Exercise brief>
Within the records that follow, find every line containing the string "start". Copy those lines.

Given records>
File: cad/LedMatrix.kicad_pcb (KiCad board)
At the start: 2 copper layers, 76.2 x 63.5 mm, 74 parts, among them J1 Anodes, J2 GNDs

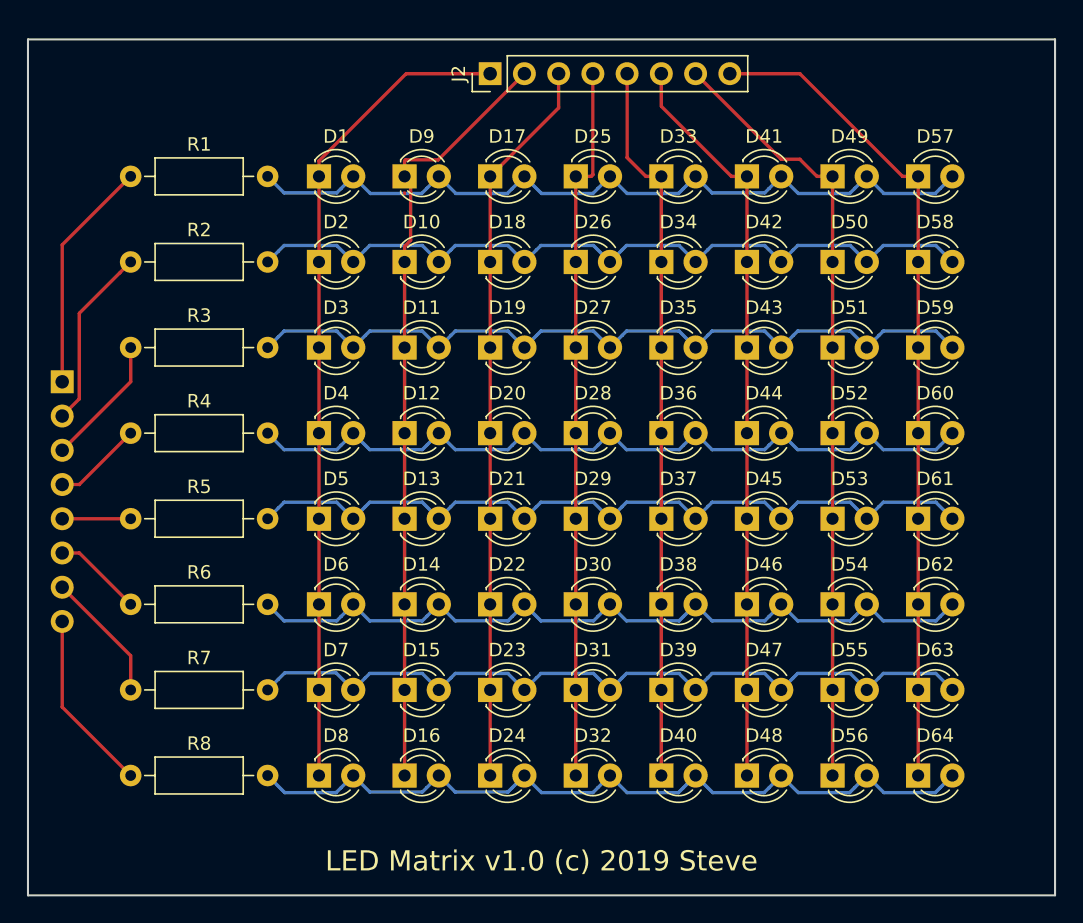
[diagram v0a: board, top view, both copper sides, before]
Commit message: add drill holes
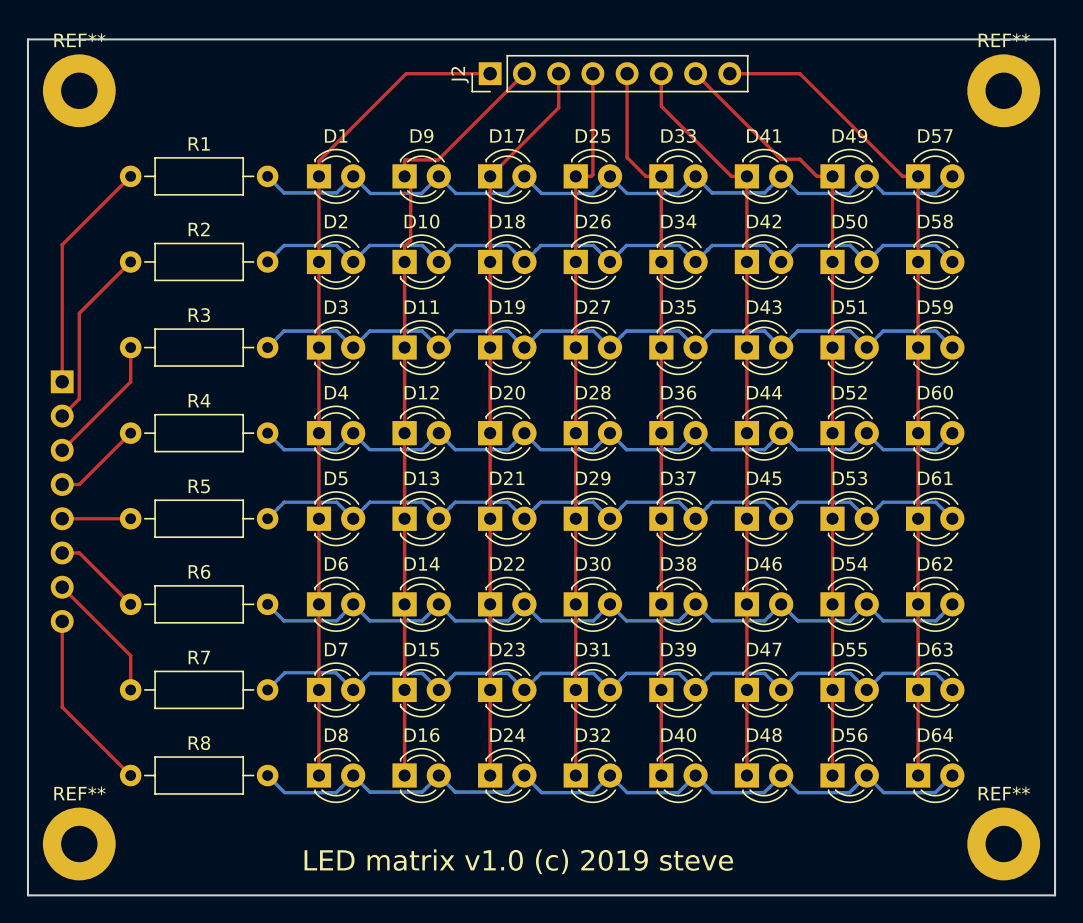
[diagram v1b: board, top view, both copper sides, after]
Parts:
- added REF**: MountingHole_2.7mm_M2.5_Pad, MountingHole:MountingHole_2.7mm_M2.5_Pad, F.Cu at (58.4, 29.2)
- added REF**: MountingHole_2.7mm_M2.5_Pad, MountingHole:MountingHole_2.7mm_M2.5_Pad, F.Cu at (58.4, 85.1)
- added REF**: MountingHole_2.7mm_M2.5_Pad, MountingHole:MountingHole_2.7mm_M2.5_Pad, F.Cu at (127.0, 85.1)
- added REF**: MountingHole_2.7mm_M2.5_Pad, MountingHole:MountingHole_2.7mm_M2.5_Pad, F.Cu at (127.0, 29.2)
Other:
- board text added: "LED matrix v1.0 (c) 2019 steve"
- board text removed: "LED Matrix v1.0 (c) 2019 Steve"
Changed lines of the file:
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@@
     (tracks 320)
     (zones 0)
-    (modules 74)
+    (modules 78)
     (nets 25)
   )
@@
     )
   )
+  (module MountingHole:MountingHole_2.7mm_M2.5_Pad (layer F.Cu)
+    (at 58.42 29.21)
+    (descr "Mounting Hole 2.7mm, M2.5")
+    (tags "mounting hole 2.7mm m2.5")
+    (attr virtual)
+    (fp_text reference REF** (at 0 -3.7) (layer F.SilkS)
+      (effects (font (size 1 1) (thickness 0.15)))
+    )
+    (fp_text value MountingHole_2.7mm_M2.5_Pad (at 0 3.7) (layer F.Fab) hide
+      (effects (font (size 1 1) (thickness 0.15)))
+    )
+    (fp_circle (center 0 0) (end 2.95 0) (layer F.CrtYd) (width 0.05))
+    (fp_circle (center 0 0) (end 2.7 0) (layer Cmts.User) (width 0.15))
+    (fp_text user %R (at 0.3 0) (layer F.Fab)
+      (effects (font (size 1 1) (thickness 0.15)))
+    )
+    (pad 1 thru_hole circle (at 0 0) (size 5.4 5.4) (drill 2.7) (layers *.Cu *.Mask))
+  )
+  (module MountingHole:MountingHole_2.7mm_M2.5_Pad (layer F.Cu)
+    (at 58.42 85.09)
+    (descr "Mounting Hole 2.7mm, M2.5")
+    (tags "mounting hole 2.7mm m2.5")
+    (attr virtual)
+    (fp_text reference REF** (at 0 -3.7) (layer F.SilkS)
+      (effects (font (size 1 1) (thickness 0.15)))
+    )
+    (fp_text value MountingHole_2.7mm_M2.5_Pad (at 0 3.7) (layer F.Fab) hide
+      (effects (font (size 1 1) (thickness 0.15)))
+    )
+    (fp_circle (center 0 0) (end 2.95 0) (layer F.CrtYd) (width 0.05))
+    (fp_circle (center 0 0) (end 2.7 0) (layer Cmts.User) (width 0.15))
+    (fp_text user %R (at 0.3 0) (layer F.Fab)
+      (effects (font (size 1 1) (thickness 0.15)))
+    )
+    (pad 1 thru_hole circle (at 0 0) (size 5.4 5.4) (drill 2.7) (layers *.Cu *.Mask))
+  )
+  (module MountingHole:MountingHole_2.7mm_M2.5_Pad (layer F.Cu)
+    (at 127 85.09)
+    (descr "Mounting Hole 2.7mm, M2.5")
+    (tags "mounting hole 2.7mm m2.5")
+    (attr virtual)
+    (fp_text reference REF** (at 0 -3.7) (layer F.SilkS)
+      (effects (font (size 1 1) (thickness 0.15)))
+    )
+    (fp_text value MountingHole_2.7mm_M2.5_Pad (at 0 3.7) (layer F.Fab) hide
+      (effects (font (size 1 1) (thickness 0.15)))
+    )
+    (fp_circle (center 0 0) (end 2.95 0) (layer F.CrtYd) (width 0.05))
+    (fp_circle (center 0 0) (end 2.7 0) (layer Cmts.User) (width 0.15))
+    (fp_text user %R (at 0.3 0) (layer F.Fab)
+      (effects (font (size 1 1) (thickness 0.15)))
+    )
+    (pad 1 thru_hole circle (at 0 0) (size 5.4 5.4) (drill 2.7) (layers *.Cu *.Mask))
+  )
+  (module MountingHole:MountingHole_2.7mm_M2.5_Pad (layer F.Cu)
+    (at 127 29.21)
+    (descr "Mounting Hole 2.7mm, M2.5")
+    (tags "mounting hole 2.7mm m2.5")
+    (attr virtual)
+    (fp_text reference REF** (at 0 -3.7) (layer F.SilkS)
+      (effects (font (size 1 1) (thickness 0.15)))
+    )
+    (fp_text value MountingHole_2.7mm_M2.5_Pad (at 0 3.7) (layer F.Fab) hide
+      (effects (font (size 1 1) (thickness 0.15)))
+    )
+    (fp_circle (center 0 0) (end 2.95 0) (layer F.CrtYd) (width 0.05))
+    (fp_circle (center 0 0) (end 2.7 0) (layer Cmts.User) (width 0.15))
+    (fp_text user %R (at 0.3 0) (layer F.Fab)
+      (effects (font (size 1 1) (thickness 0.15)))
+    )
+    (pad 1 thru_hole circle (at 0 0) (size 5.4 5.4) (drill 2.7) (layers *.Cu *.Mask))
+  )
+  (gr_text "LED matrix v1.0 (c) 2019 steve" (at 74.93 86.36) (layer F.SilkS)
+    (effects (font (size 1.5 1.5) (thickness 0.3)) (justify left))
+  )
   (dimension 63.5 (width 0.3) (layer F.Fab)
     (gr_text "63.500 mm" (at 144.34 57.15 270) (layer F.Fab)
@@
     (arrow2b (pts (xy 54.61 17.78) (xy 55.736504 17.193579)))
   )
-  (gr_text "LED Matrix v1.0 (c) 2019 Steve" (at 92.71 86.36) (layer F.SilkS)
-    (effects (font (size 1.5 1.5) (thickness 0.3)))
-  )
   (gr_line (start 54.61 88.9) (end 54.61 25.4) (layer Edge.Cuts) (width 0.15))

Solved exercise>
At the start: 2 copper layers, 76.2 x 63.5 mm, 74 parts, among them J1 Anodes, J2 GNDs
   (gr_line (start 54.61 88.9) (end 54.61 25.4) (layer Edge.Cuts) (width 0.15))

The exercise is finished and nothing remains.